Lately, when it comes to working on stuff in the shop, I seem to be in a bit or a rut or funk. I've got a few things I want to work on next, but don't know what I want to start with. I've got some in progress stuff that I'm having a hard time finding the motivation to work on and finish. I seem to be making more mistakes or overlooking more things than usual. (Don't worry about that affecting safety in my shop - I always use safe shop practices when working and if I start not thinking of safety, I always call it quits for the day.)
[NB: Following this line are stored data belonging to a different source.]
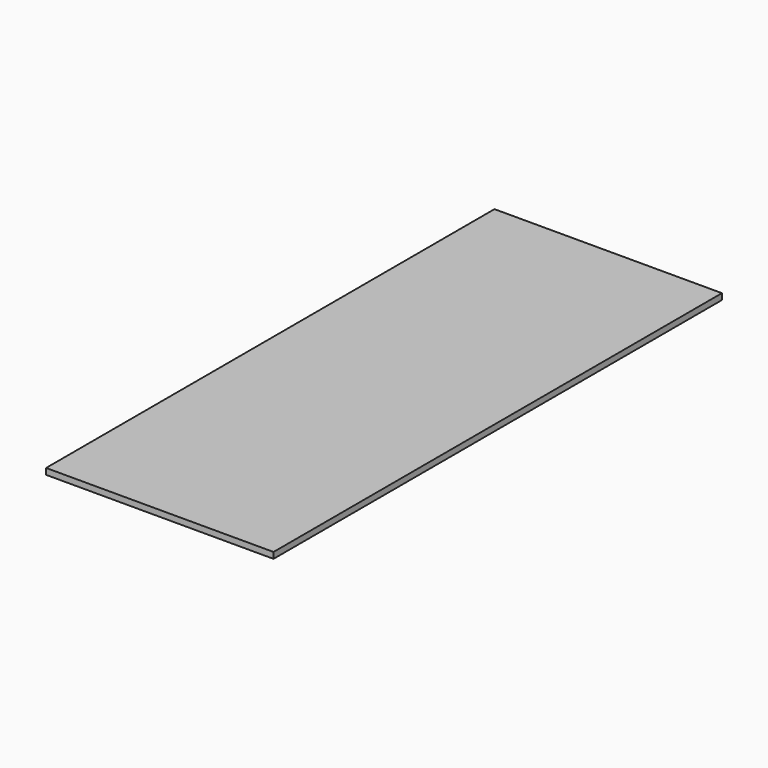
from build123d import *

# Parameters (mm, degrees)
F0_W     = 355.6
F0_H     = 876.3
F1_DEPTH = 9.525


# Not quite as in the source:
# - a length typed as a fraction of an inch, garbled in the dataset ("3 / 203.2 mm" for 3/8 in), is restored


with BuildPart() as f1:
    # F0 (on Top) → F1 (new body)
    with BuildSketch(Plane.XY):
        with Locations((177.8, 438.15)):
            Rectangle(F0_W, F0_H)
    extrude(amount=F1_DEPTH)


solid = f1.part
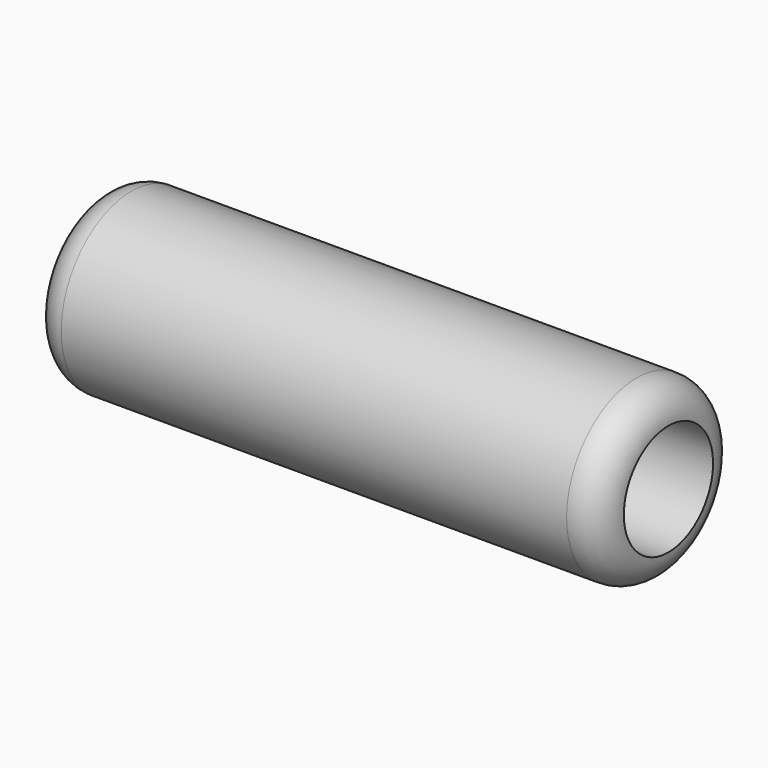
from build123d import *


# Not quite as in the source:
# - a fillet or chamfer that OpenCascade refuses, or shapes differently, is made with other operations: its cross-section is extruded or revolved along the edge and cut away or added


with BuildPart() as f1:
    # F0 (on Front) → F1 (revolve)
    with BuildSketch(Plane.XZ):
        Polygon((7.3269232676, 0), (0, 0), (0, -17.4752), (113.5126, -17.4752), (113.5126, -11.1252), (7.3269232676, -11.1252), align=None)
    revolve(axis=Axis((18.5955958441, 0, 0), (1, 0, 0)))

    # F2: fillet of radius 6.35 on 2 edges, made by hand

    # F2_s1 → F2_t2 (revolve, cut)
    with BuildSketch(Plane.XZ):
        with BuildLine():
            ThreePointArc((0, -11.1252), (1.8598719395, -15.6153280605), (6.35, -17.4752))
            Line((6.35, -17.4752), (0, -17.4752))
            Line((0, -17.4752), (0, -11.1252))
        make_face()
    revolve(axis=Axis((0, 0, 0), (1, 0, 0)), mode=Mode.SUBTRACT)

    # F2_s3 → F2_t4 (revolve, cut)
    with BuildSketch(Plane.XZ):
        with BuildLine():
            ThreePointArc((107.1626, -17.4752), (111.6527280605, -15.6153280605), (113.5126, -11.1252))
            Line((113.5126, -11.1252), (113.5126, -17.4752))
            Line((113.5126, -17.4752), (107.1626, -17.4752))
        make_face()
    revolve(axis=Axis((113.5126, 0, 0), (1, 0, 0)), mode=Mode.SUBTRACT)


solid = f1.part
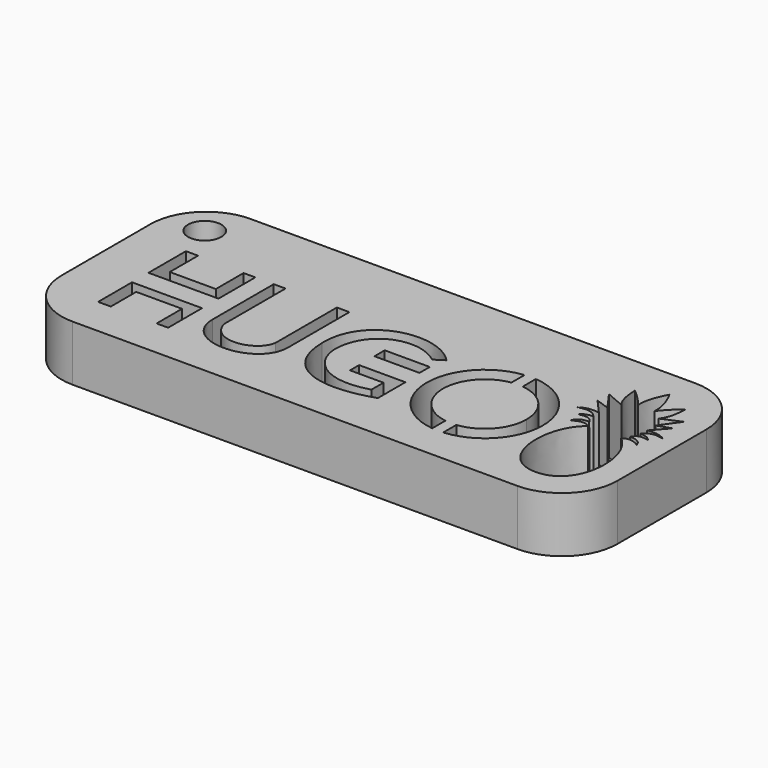
from build123d import *

# Parameters (mm, degrees)
F0_R     = 1.5
F0_W     = 3.6842799746
F0_H     = 1.051153522
F1_DEPTH = 5
F3_DEPTH = 25
F2_W     = 3.6842799746
F2_H     = 1.051153522
F4_SCALE = 1.1
F8_DEPTH = 5


with BuildPart() as f1:
    # F0 (on Top) → F1 (new body)
    with BuildSketch(Plane.XY):
        with BuildLine():
            Line((19.5023587838, 5.8855334138), (-19.8380679384, 5.8855334138))
            ThreePointArc((-19.8380679384, 5.8855334138), (-23.3736018443, 4.4210673197), (-24.8380679384, 0.8855334138))
            Line((-24.8380679384, 0.8855334138), (-24.8380679384, -9.1144665862))
            ThreePointArc((-24.8380679384, -9.1144665862), (-23.3736018443, -12.6500004921), (-19.8380679384, -14.1144665862))
            Line((-19.8380679384, -14.1144665862), (19.8321454227, -14.1144665862))
            Line((19.8321454227, -14.1144665862), (19.8321454227, -11.658272632))
            add(Edge.make_bspline(
                [(18.3578059077, -3.9089675993), (15.9339979291, -5.7451855391), (16.1109714375, -11.6508233578), (19.8321454227, -11.658272632)],
                knots=[0, 0, 0, 0, 7.8883081517, 7.8883081517, 7.8883081517, 7.8883081517], degree=3))
            add(Edge.make_bspline(
                [(18.3578059077, -3.9089675993), (18.0898513645, -3.72885447), (17.704680562, -3.4674885683), (16.8380476534, -4.0177325718)],
                knots=[0, 0, 0, 0, 1.5236452903, 1.5236452903, 1.5236452903, 1.5236452903], degree=3))
            add(Edge.make_bspline(
                [(16.8380476534, -4.0177325718), (16.9854741544, -3.645024728), (17.2194819897, -3.3108589705), (17.980273813, -3.3471628558)],
                knots=[0, 0, 0, 0, 1.3245166453, 1.3245166453, 1.3245166453, 1.3245166453], degree=3))
            add(Edge.make_bspline(
                [(17.980273813, -3.3471628558), (17.7715364844, -2.8870156966), (17.4005404115, -2.7581979521), (16.6894663125, -2.9488482978)],
                knots=[0, 0, 0, 0, 1.3508658299, 1.3508658299, 1.3508658299, 1.3508658299], degree=3))
            add(Edge.make_bspline(
                [(16.6894663125, -2.9488482978), (16.9780198485, -2.5830056984), (17.2820296139, -2.5572420564), (17.709704116, -2.5057150051)],
                knots=[0, 0, 0, 0, 1.1123184305, 1.1123184305, 1.1123184305, 1.1123184305], degree=3))
            add(Edge.make_bspline(
                [(17.709704116, -2.5057150051), (17.3335559666, -2.0625817124), (16.911033541, -1.8873894587), (15.9629341215, -2.1450251807)],
                knots=[0, 0, 0, 0, 1.7836206332, 1.7836206332, 1.7836206332, 1.7836206332], degree=3))
            add(Edge.make_bspline(
                [(15.9629341215, -2.1450251807), (16.4724756032, -1.8160737818), (16.910193488, -1.7090764595), (17.6636241376, -1.833897084)],
                knots=[0, 0, 0, 0, 1.7289150423, 1.7289150423, 1.7289150423, 1.7289150423], degree=3))
            Line((17.6636241376, -1.833897084), (16.4479874074, -0.4642672138))
            Line((16.4479874074, -0.4642672138), (17.6636241376, -0.8728023386))
            Line((17.6636241376, -0.8728023386), (16.4674408734, 0.80024614))
            Line((16.4674408734, 0.80024614), (18.1502159685, 0.0804461743))
            add(Edge.make_bspline(
                [(18.1502159685, 0.0804461743), (17.6389329135, 0.7689933409), (17.5869781524, 1.583578065), (17.5523143262, 2.3634997196)],
                knots=[0, 0, 0, 0, 2.3600465811, 2.3600465811, 2.3600465811, 2.3600465811], degree=3))
            add(Edge.make_bspline(
                [(17.5523143262, 2.3634997196), (18.1155912578, 1.9042125205), (18.6268724501, 1.3842647895), (19.0861597657, 0.7949906867)],
                knots=[0, 0, 0, 0, 2.1938328147, 2.1938328147, 2.1938328147, 2.1938328147], degree=3))
            add(Edge.make_bspline(
                [(19.0861597657, 0.7949906867), (19.0428327769, 1.834886265), (19.4855127484, 2.7450120877), (19.8321454227, 3.3949467222)],
                knots=[0, 0, 0, 0, 2.7048596982, 2.7048596982, 2.7048596982, 2.7048596982], degree=3))
            Line((19.8321454227, 3.3949467222), (19.8321454227, 5.8855334138))
            Line((19.8321454227, 5.8855334138), (19.5023587838, 5.8855334138))
        make_face()
        Polygon((-18.4758203104, -8.4118791856), (-18.4758203104, -4.9438001588), (-12.7506656572, -4.9438001588), (-12.7506656572, -8.4118791856), (-13.6949932203, -8.4118791856), (-13.6949932203, -5.8127497323), (-17.4366505817, -5.8127497323), (-17.4366505817, -8.4118791856), align=None, mode=Mode.SUBTRACT)
        with BuildLine():
            Line((-11.2475687638, 0.5051106564), (-10.28258726, 0.5051106564))
            Line((-10.28258726, 0.5051106564), (-10.28258726, -5.7747550309))
            add(Edge.make_bspline(
                [(-10.28258726, -5.7747550309), (-9.6610095352, -8.0933230929), (-6.3765929081, -7.5540901162), (-6.0863830149, -5.7747550309)],
                knots=[0, 0, 0, 0, 4.1962042451, 4.1962042451, 4.1962042451, 4.1962042451], degree=3))
            Line((-6.0863830149, -5.7747550309), (-6.0863830149, 0.5051106564))
            Line((-6.0863830149, 0.5051106564), (-5.0600701943, 0.5051106564))
            Line((-5.0600701943, 0.5051106564), (-5.0600701943, -5.7747550309))
            add(Edge.make_bspline(
                [(-11.2475687638, -5.7747550309), (-11.1742718145, -9.378020186), (-5.1037431695, -9.094146546), (-5.0600701943, -5.7747550309)],
                knots=[0, 0, 0, 0, 6.1874985695, 6.1874985695, 6.1874985695, 6.1874985695], degree=3))
            Line((-11.2475687638, -5.7747550309), (-11.2475687638, 0.5051106564))
        make_face(mode=Mode.SUBTRACT)
        Polygon((-18.4758203104, -3.2631196082), (-18.4758203104, 0.5636939313), (-17.4814509228, 0.5636939313), (-17.4814509228, -2.3290156387), (-13.7149021029, -2.3290156387), (-13.7149021029, 0.5034292699), (-12.7506656572, 0.5034292699), (-12.7506656572, -3.2631196082), align=None, mode=Mode.SUBTRACT)
        with BuildLine():
            Line((0, -5.7576037943), (0, -4.8301159404))
            Line((0, -4.8301159404), (3.7868814543, -4.8301159404))
            Line((3.7868814543, -4.8301159404), (3.7868814543, -7.6430118643))
            add(Edge.make_bspline(
                [(3.7868814543, -7.6430118643), (-0.6448045024, -9.0953717008), (-3.7148606498, -7.6815304346), (-3.7634165492, -3.8959709927)],
                knots=[0, 0, 0, 0, 8.4289569482, 8.4289569482, 8.4289569482, 8.4289569482], degree=3))
            add(Edge.make_bspline(
                [(-3.7634165492, -3.8959709927), (-3.8432804868, 0.7410292746), (1.5492066741, 1.7253720434), (3.9456789382, -0.8220763411)],
                knots=[0, 0, 0, 0, 8.2993362122, 8.2993362122, 8.2993362122, 8.2993362122], degree=3))
            Line((3.9456789382, -0.8220763411), (3.1614722684, -1.3232869096))
            add(Edge.make_bspline(
                [(-2.5977680925, -3.9639989845), (-2.4452551734, -0.6087126676), (0.9862877196, 0.4207501479), (3.1614722684, -1.3232869096)],
                knots=[0, 0, 0, 0, 6.3357880171, 6.3357880171, 6.3357880171, 6.3357880171], degree=3))
            add(Edge.make_bspline(
                [(-2.5977680925, -3.9639989845), (-2.5596399792, -6.2135658227), (-0.424457714, -7.929337211), (2.7369088493, -6.9844960235)],
                knots=[0, 0, 0, 0, 6.1304306893, 6.1304306893, 6.1304306893, 6.1304306893], degree=3))
            Line((2.7369088493, -6.9844960235), (2.7369088493, -5.7576037943))
            Line((2.7369088493, -5.7576037943), (0, -5.7576037943))
        make_face(mode=Mode.SUBTRACT)
        with Locations((-21.2343204767, 2.4730840232)):
            Circle(F0_R, mode=Mode.SUBTRACT)
        with Locations((1.8421399873, -2.7362464461)):
            Rectangle(F0_W, F0_H, mode=Mode.SUBTRACT)
        with BuildLine():
            ThreePointArc((9.8808880553, 0.7234794267), (13.0749451166, -0.7499501583), (14.3781239981, -4.0171691677))
            ThreePointArc((14.3781239981, -4.0171691677), (13.0749451166, -7.2843881771), (9.8808880553, -8.7578177622))
            ThreePointArc((9.8808880553, -8.7578177622), (9.6308880553, -8.7644051105), (9.3808880553, -8.7578177622))
            ThreePointArc((9.3808880553, -8.7578177622), (4.8836521126, -4.0171691677), (9.3808880553, 0.7234794267))
            ThreePointArc((9.3808880553, 0.7234794267), (9.6308880553, 0.730066775), (9.8808880553, 0.7234794267))
        make_face(mode=Mode.SUBTRACT)
        with BuildLine():
            Line((20.1619320616, 5.8855334138), (19.8321454227, 5.8855334138))
            Line((19.8321454227, 5.8855334138), (19.8321454227, 3.3949467222))
            add(Edge.make_bspline(
                [(20.5781310797, 0.7949906867), (20.6214580685, 1.834886265), (20.178778097, 2.7450120877), (19.8321454227, 3.3949467222)],
                knots=[0, 0, 0, 0, 2.7048596982, 2.7048596982, 2.7048596982, 2.7048596982], degree=3))
            add(Edge.make_bspline(
                [(22.1119765192, 2.3634997196), (21.5486995876, 1.9042125205), (21.0374183953, 1.3842647895), (20.5781310797, 0.7949906867)],
                knots=[0, 0, 0, 0, 2.1938328147, 2.1938328147, 2.1938328147, 2.1938328147], degree=3))
            add(Edge.make_bspline(
                [(21.5140748769, 0.0804461743), (22.0253579319, 0.7689933409), (22.077312693, 1.583578065), (22.1119765192, 2.3634997196)],
                knots=[0, 0, 0, 0, 2.3600465811, 2.3600465811, 2.3600465811, 2.3600465811], degree=3))
            Line((21.5140748769, 0.0804461743), (23.196849972, 0.80024614))
            Line((23.196849972, 0.80024614), (22.0006667078, -0.8728023386))
            Line((22.0006667078, -0.8728023386), (23.2163034379, -0.4642672138))
            Line((23.2163034379, -0.4642672138), (22.0006667078, -1.833897084))
            add(Edge.make_bspline(
                [(23.7013567239, -2.1450251807), (23.1918152422, -1.8160737818), (22.7540973574, -1.7090764595), (22.0006667078, -1.833897084)],
                knots=[0, 0, 0, 0, 1.7289150423, 1.7289150423, 1.7289150423, 1.7289150423], degree=3))
            add(Edge.make_bspline(
                [(21.9545867294, -2.5057150051), (22.3307348788, -2.0625817124), (22.7532573044, -1.8873894587), (23.7013567239, -2.1450251807)],
                knots=[0, 0, 0, 0, 1.7836206332, 1.7836206332, 1.7836206332, 1.7836206332], degree=3))
            add(Edge.make_bspline(
                [(22.9748245329, -2.9488482978), (22.6862709969, -2.5830056984), (22.3822612315, -2.5572420564), (21.9545867294, -2.5057150051)],
                knots=[0, 0, 0, 0, 1.1123184305, 1.1123184305, 1.1123184305, 1.1123184305], degree=3))
            add(Edge.make_bspline(
                [(21.6840170324, -3.3471628558), (21.892754361, -2.8870156966), (22.2637504339, -2.7581979521), (22.9748245329, -2.9488482978)],
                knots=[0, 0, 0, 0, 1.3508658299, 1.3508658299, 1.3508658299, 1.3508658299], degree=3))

I've been extra stir crazy the last few days being at home more than usual because of the cold weather we're experiencing. Despite the fact that there have been other things I could or should have been doing around the house, Katy's sent me down to my shop a few times because she's seen me going stir crazy from being home so much. So, I've had extra shop time the last few days, but I really haven't accomplished much in that time, certainly nowhere near what I would have hoped to accomplish.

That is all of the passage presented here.